Poverty stigma: a glue that holds poverty in place
Think tank: Joseph Rowntree Foundation
Author(s): Imogen Tyler; Sarah Campbell
June 8, 2024
This report from UK think tank the Joseph Rowntree Foundation offers a redefinition of poverty stigma and its role in making poverty socially acceptable.
The UK is one of the wealthiest nations in the world, but ‘since the 1980s there has been an unprecedented rise in poverty’ in Britain, ‘which has never been reversed’ and ‘current levels of poverty are around 50% higher than in the 1970s’ (JRF, 2024a). These poverty statistics are shocking, shameful. Yet we know that poverty in the UK is a political choice. Poverty is an outcome of policies that have been deliberately designed.
Alongside critically examining the political decisions and policies that have led us to the current crisis, we need to understand why such high and deep levels of poverty are deemed socially and politically acceptable. This includes scrutinizing the ways in which the stigmatisation of people living in poverty, and the associated stigmatisation of benefits and welfare systems that ostensibly exist to support people in hard times, helps make poverty palatable.
JRF’s current focus on poverty stigma (Campbell, 2023) has grown out of decades-long programmes of participation and advocacy work with organisations that are led by, and/or centre the voices and experiences of people and communities with lived experiences of poverty. In this work, themes of stigma and shame are repeatedly highlighted across all poverty areas.
In short, listening to what people with current lived experience of poverty prioritise in terms of action, underscores the extent to which the stigma associated with poverty, and the lack of dignity, self-worth and feelings of shame it can give rise to, can be as devastating and debilitating as material want. “Stigma entrenches people in poverty in ways that are underestimated and poorly understood. It is dangerous and, at its worst, can kill.” Stigma Free Futures Design team member. “I’ve realised how serious and damaging stigma is.

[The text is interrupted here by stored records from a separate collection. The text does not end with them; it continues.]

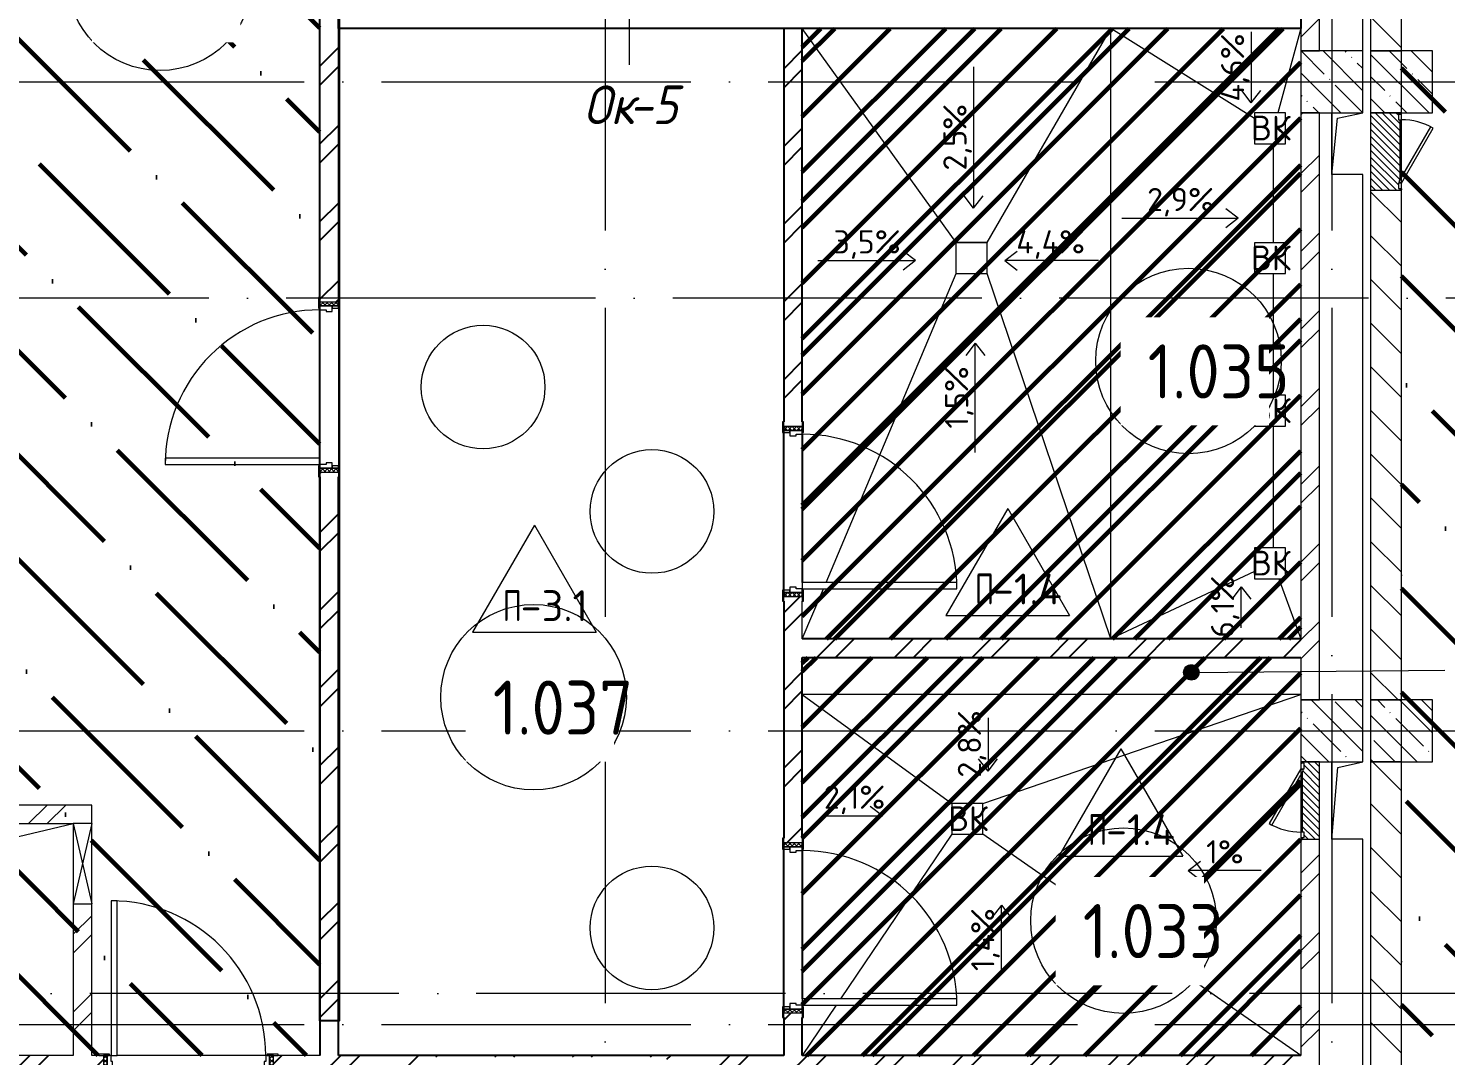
# Model space of a CAD drawing. Header units: millimetres. Extents: x -68946 to 288321, y -402657 to 324925.
# Drawn here: x 117458 to 126624, y 26223 to 32872 of the extents above; entities that cross this region are included whole.
import ezdxf

# ---------------------------------------------------------------- set-up
doc = ezdxf.new("R2010")
doc.units = ezdxf.units.MM
doc.linetypes.add('ADSK_Линия сетки', pattern=[2500, 2000, -250, 0, -250])
doc.linetypes.add('ADSK_Невидимые', pattern=[500, 300, -200])
for name, color, linetype, lineweight in [('3.4) ПТ-11       4 вып', 150, 'Continuous', 60), ('3.4) ПТ-2.15    4 вып', 200, 'Continuous', 60), ('4.4) Обесп. ЧНП-8 4 вып', 152, 'Continuous', 60), ('A-AREA-____-IDEN', 250, 'Continuous', 9), ('A-DETL-____-HDLN', 90, 'ADSK_Невидимые', 9), ('A-DETL-GENF-OTLN', 250, 'Continuous', 5), ('A-DOOR-____-IDEN', 31, 'Continuous', 9), ('A-DOOR-____-MCUT', 250, 'Continuous', 5), ('A-DOOR-____-OTLN', 250, 'Continuous', 5), ('A-DOOR-FRAM-MCUT', 31, 'Continuous', 5), ('A-DOOR-FRAM-OTLN', 31, 'Continuous', 5), ('A-FLOR-____-IDEN', 11, 'Continuous', 9), ('A-FLOR-____-OTLN', 192, 'Continuous', 9), ('A-GENM-____-MCUT', 250, 'Continuous', 25), ('A-GENM-____-OTLN', 250, 'Continuous', 9), ('A-GLAZ-____-IDEN', 152, 'Continuous', 9), ('A-GLAZ-____-OTLN', 250, 'Continuous', 5), ('A-WALL-____-MCUT', 250, 'Continuous', 13), ('A-WALL-____-PATT', 250, 'Continuous', 13), ('G-____-____-DIMS', 250, 'Continuous', 9), ('G-____-____-TEXT', 250, 'Continuous', 9), ('I-WALL-____-OTLN', 250, 'Continuous', 9), ('S-COLS-____-MCUT', 250, 'Continuous', 25), ('S-COLS-____-OTLN', 250, 'Continuous', 9), ('S-GRID-____-OTLN', 250, 'Continuous', 9)]:
    doc.layers.add(name, color=color, linetype=linetype, lineweight=lineweight)
doc.styles.add('ISOCPEUR_1', font='isocpeur.ttf', dxfattribs={"width": 0.9, "height": 250})
doc.styles.add('ISOCPEUR_2', font='isocpeur.ttf', dxfattribs={"height": 160})
doc.styles.add('ISOCPEUR_3', font='isocpeur.ttf', dxfattribs={"height": 250})
doc.styles.add('ISOCPEUR_4', font='isocpeur.ttf', dxfattribs={"height": 300})
doc.styles.add('ISOCPEUR_I', font='isocpeui.ttf', dxfattribs={"width": 0.9, "height": 12.5})
pattern_1 = [(45, (12287.9, -0.0006), (-251.4472, 251.4472), []), (45, (12287.9, 381), (-251.4472, 251.4472), [])]
pattern_2 = [(135, (1751.41, 124.685), (-14.14214, -14.14214), []), (225, (1751.41, 124.685), (14.14214, -14.14214), [])]
pattern_3 = [(45, (-371.384, 124.685), (-14.1421, 14.1421), []), (135, (-371.384, 124.685), (-14.1421, -14.1421), [])]
pattern_4 = [(135, (12287.91, -0.0006), (-142.5612, -142.5612), []), (135, (12430.48, -0.0006), (-142.5612, -142.5612), [252.016, -50.403, 3.353, -47.05])]
pattern_5 = [(45, (125, 0), (-22.6274, 22.6274), [])]

# ---------------------------------------------------------------- blocks, each defined once
blk = doc.blocks.new('Дверь_СКБ_1Ст_Внутренняя - Д-8п_1100x2100h_Кабинет директора_ Канцелярия_ Бухгалтерия_ Кабинеты заместителей директора_ Кабинет организатора внеклассной и внешкольной работы-41870816-АР1_Маркировочный план 1 этажа С2и3')
at = {"layer": 'A-DOOR-____-OTLN'}
h = blk.add_hatch(dxfattribs=at)
h.set_pattern_fill('FP_12', color=256, style=0, pattern_type=2)
h.set_pattern_definition(pattern_2)
h.paths.add_polyline_path([(537.5, 60), (537.5, -60), (562.5, -60), (562.5, 60)])
at = {"layer": 'A-DOOR-FRAM-OTLN'}
h = blk.add_hatch(dxfattribs=at)
h.set_pattern_fill('FP_13', color=256, style=0, pattern_type=2)
h.set_pattern_definition(pattern_3)
h.paths.add_polyline_path([(-537.5, -60), (-512.5, -60), (-512.5, 60), (-537.5, 60)])
at = {"layer": 'A-DOOR-____-MCUT'}
for p, q in [((-487.5, 1060), (-487.5, 60)), ((-447.5, 1060), (-487.5, 1060)), ((-447.5, 60), (-447.5, 1060)), ((-487.5, 60), (-447.5, 60))]:
    blk.add_line(p, q, dxfattribs=at)
at = {"layer": 'A-DOOR-____-OTLN'}
blk.add_arc((-487.5, 60), 1000, 360, 90, dxfattribs=at)
at = {"layer": 'A-DOOR-FRAM-MCUT'}
for p, q in [((-497.5, 68), (-567.5, 68)), ((-567.5, 68), (-567.5, 60)), ((-567.5, 60), (-497.5, 60)), ((-512.5, 60), (-537.5, 60)), ((-537.5, 60), (-537.5, -60)), ((-487.5, 60), (-512.5, 60)), ((-512.5, 60), (-512.5, -20)), ((-512.5, -60), (-512.5, 60)), ((-497.5, 60), (-512.5, 60)), ((-512.5, 60), (-512.5, 59)), ((-512.5, 59), (-497.5, 59)), ((-497.5, 60), (-497.5, 68)), ((-497.5, 59), (-497.5, 60)), ((-487.5, 20), (-487.5, 60)), ((-477.5, 20), (-487.5, 20)), ((-477.5, -20), (-477.5, 20)), ((512.5, 20), (502.5, 20)), ((502.5, 20), (502.5, -20)), ((512.5, 60), (512.5, 20)), ((537.5, 60), (512.5, 60)), ((592.5, 68), (522.5, 68)), ((522.5, 68), (522.5, 60)), ((537.5, 60), (522.5, 60)), ((522.5, 60), (522.5, 59)), ((522.5, 60), (592.5, 60)), ((522.5, 59), (537.5, 59)), ((537.5, -20), (537.5, 60)), ((562.5, 60), (537.5, 60)), ((537.5, 60), (537.5, -60)), ((537.5, 59), (537.5, 60)), ((562.5, -60), (562.5, 60)), ((592.5, 60), (592.5, 68)), ((-497.5, -60), (-567.5, -60)), ((-567.5, -60), (-567.5, -68)), ((-567.5, -68), (-497.5, -68)), ((-537.5, -60), (-512.5, -60)), ((-512.5, -20), (-477.5, -20)), ((-497.5, -20), (-512.5, -20)), ((-512.5, -20), (-512.5, -60)), ((-512.5, -60), (-497.5, -60)), ((-497.5, -60), (-497.5, -20)), ((-497.5, -68), (-497.5, -60)), ((502.5, -20), (537.5, -20)), ((537.5, -20), (522.5, -20)), ((522.5, -20), (522.5, -60)), ((522.5, -60), (537.5, -60)), ((592.5, -60), (522.5, -60)), ((522.5, -60), (522.5, -68)), ((522.5, -68), (592.5, -68)), ((537.5, -60), (537.5, -20)), ((537.5, -60), (562.5, -60)), ((592.5, -68), (592.5, -60))]:
    blk.add_line(p, q, dxfattribs=at)
blk = doc.blocks.new('Дверь_СКБ_1Ст_Внутренняя - Д-32л_1100x2100h_Душ-42648193-АР1_Маркировочный план 1 этажа С2и3')
at = {"layer": 'A-DOOR-____-OTLN'}
h = blk.add_hatch(dxfattribs=at)
h.set_pattern_fill('FP_12', color=256, style=0, pattern_type=2)
h.set_pattern_definition(pattern_2)
h.paths.add_polyline_path([(562.5, 60), (537.5, 60), (537.5, -60), (562.5, -60)])
at = {"layer": 'A-DOOR-FRAM-OTLN'}
h = blk.add_hatch(dxfattribs=at)
h.set_pattern_fill('FP_13', color=256, style=0, pattern_type=2)
h.set_pattern_definition(pattern_3)
h.paths.add_polyline_path([(-512.5, -60), (-512.5, 60), (-537.5, 60), (-537.5, -60)])
at = {"layer": 'A-DOOR-____-MCUT'}
for p, q in [((512.5, 1060), (472.5, 1060)), ((472.5, 1060), (472.5, 60)), ((512.5, 60), (512.5, 1060)), ((472.5, 60), (512.5, 60))]:
    blk.add_line(p, q, dxfattribs=at)
at = {"layer": 'A-DOOR-____-OTLN'}
blk.add_arc((512.5, 60), 1000, 90, 180, dxfattribs=at)
at = {"layer": 'A-DOOR-FRAM-MCUT'}
for p, q in [((-497.5, 68), (-567.5, 68)), ((-567.5, 68), (-567.5, 60)), ((-567.5, 60), (-497.5, 60)), ((-512.5, 60), (-537.5, 60)), ((-537.5, 60), (-537.5, -60)), ((-487.5, 60), (-512.5, 60)), ((-512.5, 60), (-512.5, -20)), ((-512.5, -60), (-512.5, 60)), ((-497.5, 60), (-512.5, 60)), ((-512.5, 60), (-512.5, 59)), ((-512.5, 59), (-497.5, 59)), ((-497.5, 60), (-497.5, 68)), ((-497.5, 59), (-497.5, 60)), ((-487.5, 20), (-487.5, 60)), ((-477.5, 20), (-487.5, 20)), ((-477.5, -20), (-477.5, 20)), ((512.5, 20), (502.5, 20)), ((502.5, 20), (502.5, -20)), ((512.5, 60), (512.5, 20)), ((537.5, 60), (512.5, 60)), ((592.5, 68), (522.5, 68)), ((522.5, 68), (522.5, 60)), ((537.5, 60), (522.5, 60)), ((522.5, 60), (522.5, 59)), ((522.5, 60), (592.5, 60)), ((522.5, 59), (537.5, 59)), ((537.5, -20), (537.5, 60)), ((562.5, 60), (537.5, 60)), ((537.5, 60), (537.5, -60)), ((537.5, 59), (537.5, 60)), ((562.5, -60), (562.5, 60)), ((592.5, 60), (592.5, 68)), ((-497.5, -60), (-567.5, -60)), ((-567.5, -60), (-567.5, -68)), ((-567.5, -68), (-497.5, -68)), ((-537.5, -60), (-512.5, -60)), ((-512.5, -20), (-477.5, -20)), ((-497.5, -20), (-512.5, -20)), ((-512.5, -20), (-512.5, -60)), ((-512.5, -60), (-497.5, -60)), ((-497.5, -60), (-497.5, -20)), ((-497.5, -68), (-497.5, -60)), ((502.5, -20), (537.5, -20)), ((537.5, -20), (522.5, -20)), ((522.5, -20), (522.5, -60)), ((522.5, -60), (537.5, -60)), ((592.5, -60), (522.5, -60)), ((522.5, -60), (522.5, -68)), ((522.5, -68), (592.5, -68)), ((537.5, -60), (537.5, -20)), ((537.5, -60), (562.5, -60)), ((592.5, -68), (592.5, -60))]:
    blk.add_line(p, q, dxfattribs=at)
blk = doc.blocks.new('Дверь_СКБ_1Ст_Внутренняя - Д-8п_1100x2100h_Кабинет директора_ Канцелярия_ Бухгалтерия_ Кабинеты заместителей директора_ Кабинет организатора внеклассной и внешкольной работы-V9-АР1_Маркировочный план 1 этажа С2и3')
at = {"layer": 'A-DOOR-____-OTLN'}
h = blk.add_hatch(dxfattribs=at)
h.set_pattern_fill('FP_12', color=256, style=0, pattern_type=2)
h.set_pattern_definition(pattern_2)
h.paths.add_polyline_path([(537.5, -60), (562.5, -60), (562.5, 60), (537.5, 60), (537.5, 57.3)])
at = {"layer": 'A-DOOR-FRAM-OTLN'}
h = blk.add_hatch(dxfattribs=at)
h.set_pattern_fill('FP_13', color=256, style=0, pattern_type=2)
h.set_pattern_definition(pattern_3)
h.paths.add_polyline_path([(-537.5, -60), (-512.5, -60), (-512.5, 60), (-537.5, 60)])
at = {"layer": 'A-DOOR-____-MCUT'}
for p, q in [((-487.5, 1060), (-487.5, 60)), ((-447.5, 1060), (-487.5, 1060)), ((-447.5, 60), (-447.5, 1060)), ((-487.5, 60), (-447.5, 60))]:
    blk.add_line(p, q, dxfattribs=at)
at = {"layer": 'A-DOOR-____-OTLN'}
blk.add_arc((-487.5, 60), 1000, 360, 90, dxfattribs=at)
at = {"layer": 'A-DOOR-FRAM-MCUT'}
for p, q in [((-497.5, 68), (-567.5, 68)), ((-567.5, 68), (-567.5, 60)), ((-567.5, 60), (-497.5, 60)), ((-512.5, 60), (-537.5, 60)), ((-537.5, 60), (-537.5, -60)), ((-487.5, 60), (-512.5, 60)), ((-512.5, 60), (-512.5, -20)), ((-512.5, -60), (-512.5, 60)), ((-497.5, 60), (-512.5, 60)), ((-512.5, 60), (-512.5, 59)), ((-512.5, 59), (-497.5, 59)), ((-497.5, 60), (-497.5, 68)), ((-497.5, 59), (-497.5, 60)), ((-487.5, 20), (-487.5, 60)), ((-477.5, 20), (-487.5, 20)), ((-477.5, -20), (-477.5, 20)), ((512.5, 20), (502.5, 20)), ((502.5, 20), (502.5, -20)), ((512.5, 60), (512.5, 20)), ((537.5, 60), (512.5, 60)), ((592.5, 68), (522.5, 68)), ((522.5, 68), (522.5, 60)), ((537.5, 60), (522.5, 60)), ((522.5, 60), (522.5, 59)), ((522.5, 60), (592.5, 60)), ((522.5, 59), (537.5, 59)), ((537.5, -20), (537.5, 60)), ((562.5, 60), (537.5, 60)), ((537.5, 60), (537.5, -60)), ((537.5, 59), (537.5, 60)), ((562.5, -60), (562.5, 60)), ((592.5, 60), (592.5, 68)), ((-497.5, -60), (-567.5, -60)), ((-567.5, -60), (-567.5, -68)), ((-567.5, -68), (-497.5, -68)), ((-537.5, -60), (-512.5, -60)), ((-512.5, -20), (-477.5, -20)), ((-497.5, -20), (-512.5, -20)), ((-512.5, -20), (-512.5, -60)), ((-512.5, -60), (-497.5, -60)), ((-497.5, -60), (-497.5, -20)), ((-497.5, -68), (-497.5, -60)), ((502.5, -20), (537.5, -20)), ((537.5, -20), (522.5, -20)), ((522.5, -20), (522.5, -60)), ((522.5, -60), (537.5, -60)), ((592.5, -60), (522.5, -60)), ((522.5, -60), (522.5, -68)), ((522.5, -68), (592.5, -68)), ((537.5, -60), (537.5, -20)), ((537.5, -60), (562.5, -60)), ((592.5, -68), (592.5, -60))]:
    blk.add_line(p, q, dxfattribs=at)
blk = doc.blocks.new('_Wn_-As_OpeningMEP_floor__Rectangular - _Wn_-As_OpeningMEP_floor__Rectangular-34705120-АР1_Маркировочный план 1 этажа С2и3')
at = {"layer": 'A-DETL-GENF-OTLN', "lineweight": 5}
for p, q in [((-168.9, 693.9), (275, 800)), ((-275, -700), (-168.9, 693.9))]:
    blk.add_line(p, q, dxfattribs=at)
blk = doc.blocks.new('_Wn_-As_OpeningMEP_floor__Rectangular - _Wn_-As_OpeningMEP_floor__Rectangular-34705337-АР1_Маркировочный план 1 этажа С2и3')
at = {"layer": 'A-DETL-GENF-OTLN', "lineweight": 5}
for p, q in [((-100, -150), (-64.6, 214.6)), ((-64.6, 214.6), (100, 250))]:
    blk.add_line(p, q, dxfattribs=at)
blk = doc.blocks.new('_Wn_-As_OpeningMEP_floor__Rectangular - _Wn_-As_OpeningMEP_floor__Rectangular-34705469-АР1_Маркировочный план 1 этажа С2и3')
at = {"layer": 'A-DETL-GENF-OTLN', "lineweight": 5}
for p, q in [((-62.2, 262.2), (100, 300)), ((-100, -200), (-62.2, 262.2))]:
    blk.add_line(p, q, dxfattribs=at)
blk = doc.blocks.new('_Wn_-As_OpeningMEP_wall__Rectangular - _Wn_-As_OpeningMEP_wall__Rectangular-40873427-АР1_Маркировочный план 1 этажа С2и3')
at = {"layer": 'A-DETL-GENF-OTLN', "lineweight": 5}
for p, q in [((260, -60), (-260, 60)), ((260, 60), (-260, -60)), ((-260, 60), (-260, -60)), ((260, 60), (-260, 60)), ((-260, 60), (-260, -60)), ((260, -60), (260, 60)), ((260, -60), (260, 60)), ((-260, -60), (260, -60))]:
    blk.add_line(p, q, dxfattribs=at)
blk = doc.blocks.new('АР_Люк - ЛРС_ВК_500х400_наружный_NCS S 1000-N-V132-АР1_Маркировочный план 1 этажа С2и3')
at = {"layer": 'A-DOOR-____-OTLN'}
h = blk.add_hatch(dxfattribs=at)
h.set_pattern_fill('FP_148', color=256, style=0, pattern_type=2)
h.set_pattern_definition(pattern_5)
h.paths.add_polyline_path([(375, -100), (375, 100), (365, 100), (365, 80), (330, 80), (330, 100), (320, 82.7), (290, 100), (-80, 100), (-80, 80), (-115, 80), (-115, 100), (-125, 100), (-125, -100), (-40, -100)])
at = {"layer": 'A-DETL-GENF-OTLN', "lineweight": 5}
for p, q in [((375, 100), (-125, 100)), ((-125, 100), (-125, -100)), ((375, -100), (375, 100)), ((-125, -100), (375, -100))]:
    blk.add_line(p, q, dxfattribs=at)
at = {"layer": 'A-DOOR-____-MCUT', "lineweight": 5}
for p, q in [((-25.1, 305), (-35.1, 287.7)), ((-35.1, 287.7), (320, 82.7)), ((330, 100), (-25.1, 305)), ((-80, 100), (-115, 100)), ((-115, 100), (-115, 80)), ((-80, 80), (-80, 100)), ((320, 82.7), (330, 100)), ((365, 100), (330, 100)), ((330, 100), (330, 80)), ((365, 80), (365, 100)), ((-115, 80), (-80, 80)), ((330, 80), (365, 80))]:
    blk.add_line(p, q, dxfattribs=at)
blk.add_arc((330, 100), 410, 150, 180, dxfattribs=at)
at = {"layer": 'A-DOOR-____-OTLN'}
blk.add_line((330, 100), (-25.1, 305), dxfattribs=at)
blk = doc.blocks.new('ASML_АР_Отделка Люка - ВО Отделка люков_Грунтовка 0_Шпатлевка 0_Окраска 0_0-42722003-АР1_Маркировочный план 1 этажа С2и3')
at = {"layer": 'A-GENM-____-MCUT', "lineweight": 5}
for p, q in [((-240, 3), (-250, 3)), ((-250, 3), (-250, 0)), ((177.1, 3), (-205, 3)), ((205, 3), (201, 3)), ((250, 3), (240, 3)), ((250, 0), (250, 3)), ((-250, 0), (-240, 0)), ((-205, 0), (182.3, 0)), ((199.2, 0), (205, 0)), ((240, 0), (250, 0))]:
    blk.add_line(p, q, dxfattribs=at)
blk = doc.blocks.new('АР_Люк - ЛРС_ВК_500х400_наружный_NCS S 1000-N-V133-АР1_Маркировочный план 1 этажа С2и3')
at = {"layer": 'A-DOOR-____-OTLN'}
h = blk.add_hatch(dxfattribs=at)
h.set_pattern_fill('FP_148', color=256, style=0, pattern_type=2)
h.set_pattern_definition(pattern_5)
h.paths.add_polyline_path([(-125, 50), (-124, -60), (375, -60), (375, 60), (365, 60), (365, 40), (330, 40), (330, 60), (320, 42.7), (290, 60), (-80, 60), (-80, 40), (-115, 40), (-115, 60), (-125, 60), (-125, 53)])
at = {"layer": 'A-DETL-GENF-OTLN', "lineweight": 5}
for p, q in [((375, 60), (-125, 60)), ((-125, 60), (-125, -60)), ((375, -60), (375, 60)), ((-125, -60), (375, -60))]:
    blk.add_line(p, q, dxfattribs=at)
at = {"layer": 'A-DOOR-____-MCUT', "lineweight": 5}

We need to do something to change it and give people the tools to challenge it.” Steve, Stigma Free Futures Design team.
This emphasis on stigma is also reflected in social science research where the shame of poverty, and the pain of this shame, is highlighted as one of the most detrimental and disabling impacts of living in poverty (Lister, 2004; Walker, 2014; Bray et al. 2019; Tyler, 2020).In 2022, JRF invested in a Stigma Free Futures Design team with the aim of: deepening JRF’s and wider public understanding of poverty stigma, including the role stigma plays in normalising and exacerbating poverty designing actions to address and mitigate the causes and effects of poverty stigma.
This report shares the learning from Phase 1 of our work (2022-23), which aimed to develop a deeper understanding of what we mean when we talk about poverty stigma. In what follows we offer a redefinition of poverty stigma and its role in making poverty socially acceptable. This understanding of poverty stigma builds on our work together as a team, on decades of participation and advocacy work including social policy co-design work, and on academic research evidence.